Church in Vestland, Norway

Røldal Stave Church (Røldal stavkyrkje) is a parish church of the Church of Norway in Ullensvang Municipality in Vestland county, Norway. It is located in the village of Røldal. It is the church for the Røldal parish, part of the Hardanger og Voss prosti (deanery) in the Diocese of Bjørgvin. The brown, wooden stave church was built around 1250 using designs by an unknown architect. The church seats about 130 people and is built in a long church design. The church is a preserved historic museum, but it is still a regularly-used parish church that holds regularly scheduled worship services twice a month.

==History==
The estimated construction date of the church is generally thought to be between 1200 and 1250. A soapstone baptismal font in the church is dated to the same period. A crucifix in the church dates from about 1250. The church has a rectangular-shaped nave and chancel. The Bergen Museum holds a variety of building components and other artifacts from the medieval church. These include altar frontal and wooden sculptures of St. Olaf from about 1250, of the Virgin Mary with child from about 1250, and the Archangel Michael, dated about 1200. In the Middle Ages, Røldal Church received large donations from many pilgrims who flocked to the church. As a result, the small village where the church is located became quite prosperous. In the 17th century, the walls inside the church were richly decorated with paintings. The altarpiece dates to 1629. It was the design of German-born painter Gottfried Hendtzschel from Breslau in Silesia.

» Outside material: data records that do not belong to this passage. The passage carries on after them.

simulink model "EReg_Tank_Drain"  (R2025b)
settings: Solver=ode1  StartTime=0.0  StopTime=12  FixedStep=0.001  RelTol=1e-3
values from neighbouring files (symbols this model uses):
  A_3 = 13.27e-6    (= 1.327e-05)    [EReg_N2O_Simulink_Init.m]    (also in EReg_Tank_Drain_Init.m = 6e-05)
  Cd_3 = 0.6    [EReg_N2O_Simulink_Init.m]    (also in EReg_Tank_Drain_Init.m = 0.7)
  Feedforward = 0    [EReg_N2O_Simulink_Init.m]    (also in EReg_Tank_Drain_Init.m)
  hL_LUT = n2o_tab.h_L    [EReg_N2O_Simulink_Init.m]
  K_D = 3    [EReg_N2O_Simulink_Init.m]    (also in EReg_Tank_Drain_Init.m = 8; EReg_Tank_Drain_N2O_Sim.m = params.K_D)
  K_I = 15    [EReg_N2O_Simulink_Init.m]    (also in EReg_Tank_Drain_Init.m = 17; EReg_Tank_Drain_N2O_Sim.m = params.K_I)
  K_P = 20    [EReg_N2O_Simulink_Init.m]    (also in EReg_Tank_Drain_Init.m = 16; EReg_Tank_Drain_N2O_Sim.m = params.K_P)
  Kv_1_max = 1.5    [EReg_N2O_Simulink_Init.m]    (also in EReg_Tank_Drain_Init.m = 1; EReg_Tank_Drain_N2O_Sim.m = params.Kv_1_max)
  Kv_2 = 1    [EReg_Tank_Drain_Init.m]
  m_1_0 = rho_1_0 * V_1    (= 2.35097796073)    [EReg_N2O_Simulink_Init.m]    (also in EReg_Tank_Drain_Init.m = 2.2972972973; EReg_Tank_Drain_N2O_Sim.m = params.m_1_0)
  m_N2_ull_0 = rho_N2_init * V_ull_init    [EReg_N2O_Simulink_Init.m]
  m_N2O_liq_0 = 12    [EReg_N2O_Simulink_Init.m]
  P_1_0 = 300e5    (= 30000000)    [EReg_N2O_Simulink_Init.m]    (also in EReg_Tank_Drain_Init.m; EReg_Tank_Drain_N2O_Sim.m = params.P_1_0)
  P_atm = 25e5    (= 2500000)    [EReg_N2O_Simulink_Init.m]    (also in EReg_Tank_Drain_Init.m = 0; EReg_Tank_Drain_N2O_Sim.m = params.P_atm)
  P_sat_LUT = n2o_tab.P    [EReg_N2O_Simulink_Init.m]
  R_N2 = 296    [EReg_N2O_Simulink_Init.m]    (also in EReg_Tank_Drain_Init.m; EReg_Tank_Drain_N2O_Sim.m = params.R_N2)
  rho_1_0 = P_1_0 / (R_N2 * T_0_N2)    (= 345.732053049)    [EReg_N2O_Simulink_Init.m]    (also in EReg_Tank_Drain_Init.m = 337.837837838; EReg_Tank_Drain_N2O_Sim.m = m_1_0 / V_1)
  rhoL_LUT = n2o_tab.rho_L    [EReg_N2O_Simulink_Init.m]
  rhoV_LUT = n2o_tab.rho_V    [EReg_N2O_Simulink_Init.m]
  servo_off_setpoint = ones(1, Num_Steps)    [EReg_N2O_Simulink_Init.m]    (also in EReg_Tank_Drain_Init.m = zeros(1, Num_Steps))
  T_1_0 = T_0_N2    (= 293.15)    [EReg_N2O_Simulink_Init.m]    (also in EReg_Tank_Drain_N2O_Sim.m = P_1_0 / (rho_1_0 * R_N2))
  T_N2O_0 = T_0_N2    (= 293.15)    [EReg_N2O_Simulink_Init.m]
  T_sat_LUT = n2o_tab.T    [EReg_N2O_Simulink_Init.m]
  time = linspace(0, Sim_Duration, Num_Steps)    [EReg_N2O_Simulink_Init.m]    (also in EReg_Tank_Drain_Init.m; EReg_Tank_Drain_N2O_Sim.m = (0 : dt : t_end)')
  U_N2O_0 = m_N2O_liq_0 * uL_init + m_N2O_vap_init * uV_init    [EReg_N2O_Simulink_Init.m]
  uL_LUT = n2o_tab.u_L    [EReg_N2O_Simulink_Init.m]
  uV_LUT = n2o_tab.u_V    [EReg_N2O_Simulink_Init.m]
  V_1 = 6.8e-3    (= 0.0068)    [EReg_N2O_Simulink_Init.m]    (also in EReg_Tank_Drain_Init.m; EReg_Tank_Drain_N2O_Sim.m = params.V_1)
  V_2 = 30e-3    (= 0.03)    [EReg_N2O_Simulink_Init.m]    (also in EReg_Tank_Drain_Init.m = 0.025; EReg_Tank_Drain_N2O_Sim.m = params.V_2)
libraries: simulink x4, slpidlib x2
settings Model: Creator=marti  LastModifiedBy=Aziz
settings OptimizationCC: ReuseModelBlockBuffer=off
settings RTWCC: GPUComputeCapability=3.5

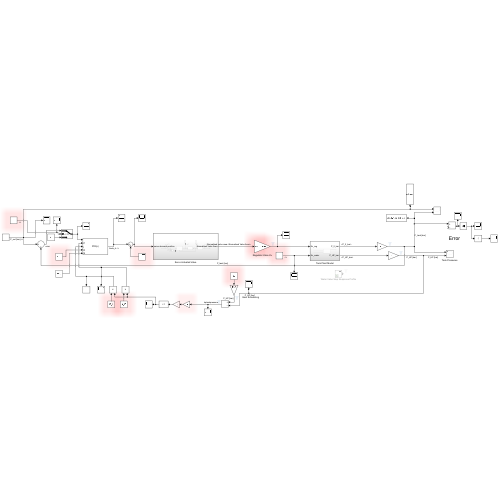
[thumbnail: Simulink's stored preview of the top-level diagram]
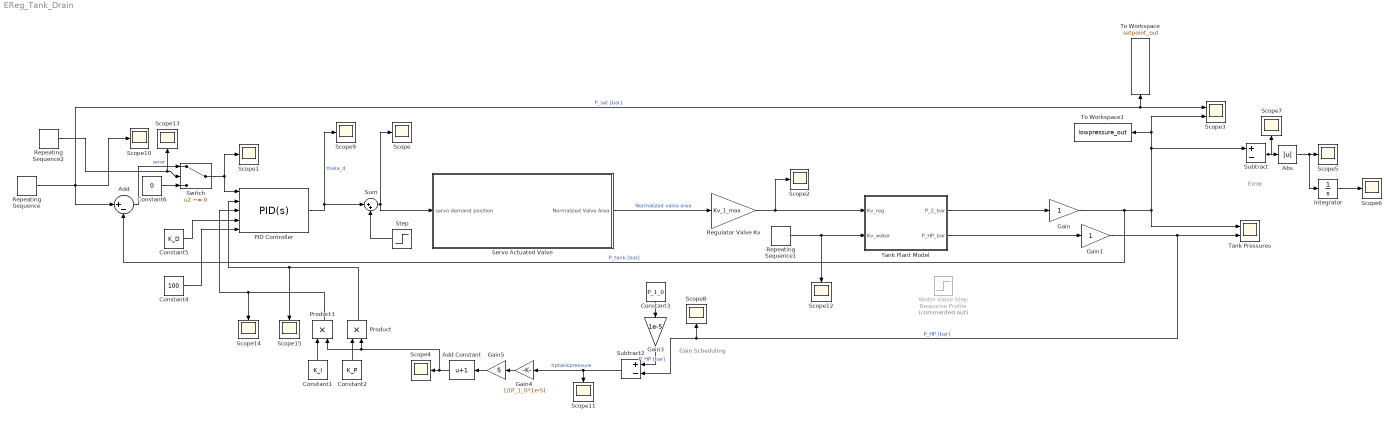
== system EReg_Tank_Drain ==
  note: Gain Scheduling
  note: Error
  Abs : Abs  SaturateOnIntegerOverflow=off
  Add : Sum  Inputs=|+-
  Add Constant : Bias  Bias=1  SaturateOnIntegerOverflow=off
  Constant1 : Constant  Value=K_I
  Constant2 : Constant  Value=K_P
  Constant3 : Constant  Value=P_1_0
  Constant4 : Constant  Value=100
  Constant5 : Constant  Value=K_D
  Constant6 : Constant  Value=0
  Gain : Gain
  Gain1 : Gain
  Gain3 : Gain  Gain=1e-5
  Gain4 : Gain  Gain=1/(P_1_0*1e-5)
  Gain5 : Gain  Gain=5
  Integrator : Integrator
  PID Controller : slpidlib/PID Controller  Controller=PID  Form=Parallel  TimeDomain=Continuous-time  UseExternalTs=off  SampleTime=-1  IntegratorMethod=Forward Euler  FilterMethod=Forward Euler  ControllerParametersSource=external  P=1.5  I=3  UseKiTs=off  D=0  UseExternalDerivativeSource=off  N=100  UseFilter=on  TunerSelectOption=Transfer Function Based (PID Tuner App)  InitialConditionSource=internal  InitialConditionForIntegrator=0  InitialConditionForFilter=0  DifferentiatorICPrevScaledInput=0  ExternalReset=none  TrackingMode=off  Kt=1  LimitOutput=off  SatLimitsSource=internal  UpperSaturationLimit=180  LowerSaturationLimit=0  LinearizeAsGain=on  AntiWindupMode=clamping  Kb=1  LimitIntegrator=on  UpperIntegratorSaturationLimit=20  LowerIntegratorSaturationLimit=-20  POutMin=[]  POutMax=[]  IOutMin=[]  IOutMax=[]  DOutMin=[]  DOutMax=[]  NOutMin=[]  NOutMax=[]  SumOutMin=[]  SumOutMax=[]  SaturationOutMin=[]  SaturationOutMax=[]  PParamMin=[]  PParamMax=[]  IParamMin=[]  IParamMax=[]  DParamMin=[]  DParamMax=[]  NParamMin=[]  NParamMax=[]  KbParamMin=[]  KbParamMax=[]  KtParamMin=[]  KtParamMax=[]  KbOutMin=[]  KbOutMax=[]  KtOutMin=[]  KtOutMax=[]  IntegratorOutMin=[]  IntegratorOutMax=[]  FilterOutMin=[]  FilterOutMax=[]  SumI1OutMin=[]  SumI1OutMax=[]  SumI2OutMin=[]  SumI2OutMax=[]  SumI3OutMin=[]  SumI3OutMax=[]  SumI4OutMin=[]  SumI4OutMax=[]  SumDOutMin=[]  SumDOutMax=[]  DifferentiatorOutMin=[]  DifferentiatorOutMax=[]  FilterDiffOutCoefMin=[]  FilterDiffOutCoefMax=[]  ReciprocalOutMin=[]  ReciprocalOutMax=[]  SumDenOutMin=[]  SumDenOutMax=[]  SumNumOutMin=[]  SumNumOutMax=[]  DivideOutMin=[]  DivideOutMax=[]  UdiffTsProdOutMin=[]  UdiffTsProdOutMax=[]  NTsProdOutMin=[]  NTsProdOutMax=[]  UintegralTsProdOutMin=[]  UintegralTsProdOutMax=[]  UngainTsProdOutMin=[]  UngainTsProdOutMax=[]  ClampingZeroOutDataTypeStr=Inherit: Inherit via back propagation  ClampingZeroOutMin=[]  ClampingZeroOutMax=[]  FilterDenConstantOutDataTypeStr=Inherit: Inherit via back propagation  FilterDenConstantOutMin=[]  FilterDenConstantOutMax=[]  PCopyOutDataTypeStr=Inherit: Inherit via back propagation  PCopyOutMin=[]  PCopyOutMax=[]  NCopyOutDataTypeStr=Inherit: Inherit via back propagation  NCopyOutMin=[]  NCopyOutMax=[]  IntegratorContinuousStateAttributes=''  IntegratorStateMustResolveToSignalObject=off  IntegratorRTWStateStorageClass=Auto  FilterContinuousStateAttributes=''  FilterStateMustResolveToSignalObject=off  FilterRTWStateStorageClass=Auto  ParallelPVariant=ExternalParameters  IdealPVariant=Disabled  IVariant=ExternalParameters  DVariant=ExternalParameters  IntegratorVariant=Continuous  SatVariant=Disabled  AWVariant=Passthrough  PCopyVariant=Disabled  TRVariant=Disabled  FdbkBlocksVariant=Forward  IdealPFdbkVariant=Disabled  SatFdbkVariant=Disabled  DerivativeFilterVariant=ContFilter  NVariant=ExternalParameters  NCopyVariant=Disabled  FilterICVariant=InternalICsFilter  IntegratorICVariant=InternalICs  ExternalResetVariant=Disabled  TRSumVariant=Passthrough  SumFdbkVariant=Disabled  SumVariant=Sum_PID  TsampFilterVariant=InternalTs  TsampNgainVariant=Passthrough  TsampIntegralVariant=Disabled_SignalSpec  ExternalSaturationOutDataTypeStr=Inherit: Same as second input  DerivativeSourceVariant=ErrorSignal  PreIntVariant=InternalPreInt
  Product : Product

In the 1840s, the nave was enlarged by adding on to the building to the west. During this reconstruction of the church in 1844, some of the history of the church was uncovered. This led to an investigation to determine how the church was built. The resulting belief is that Røldal Stave Church differed from other stave churches. Some controversy developed about whether this is a stave church or an example of the assumed predecessor type, a post church.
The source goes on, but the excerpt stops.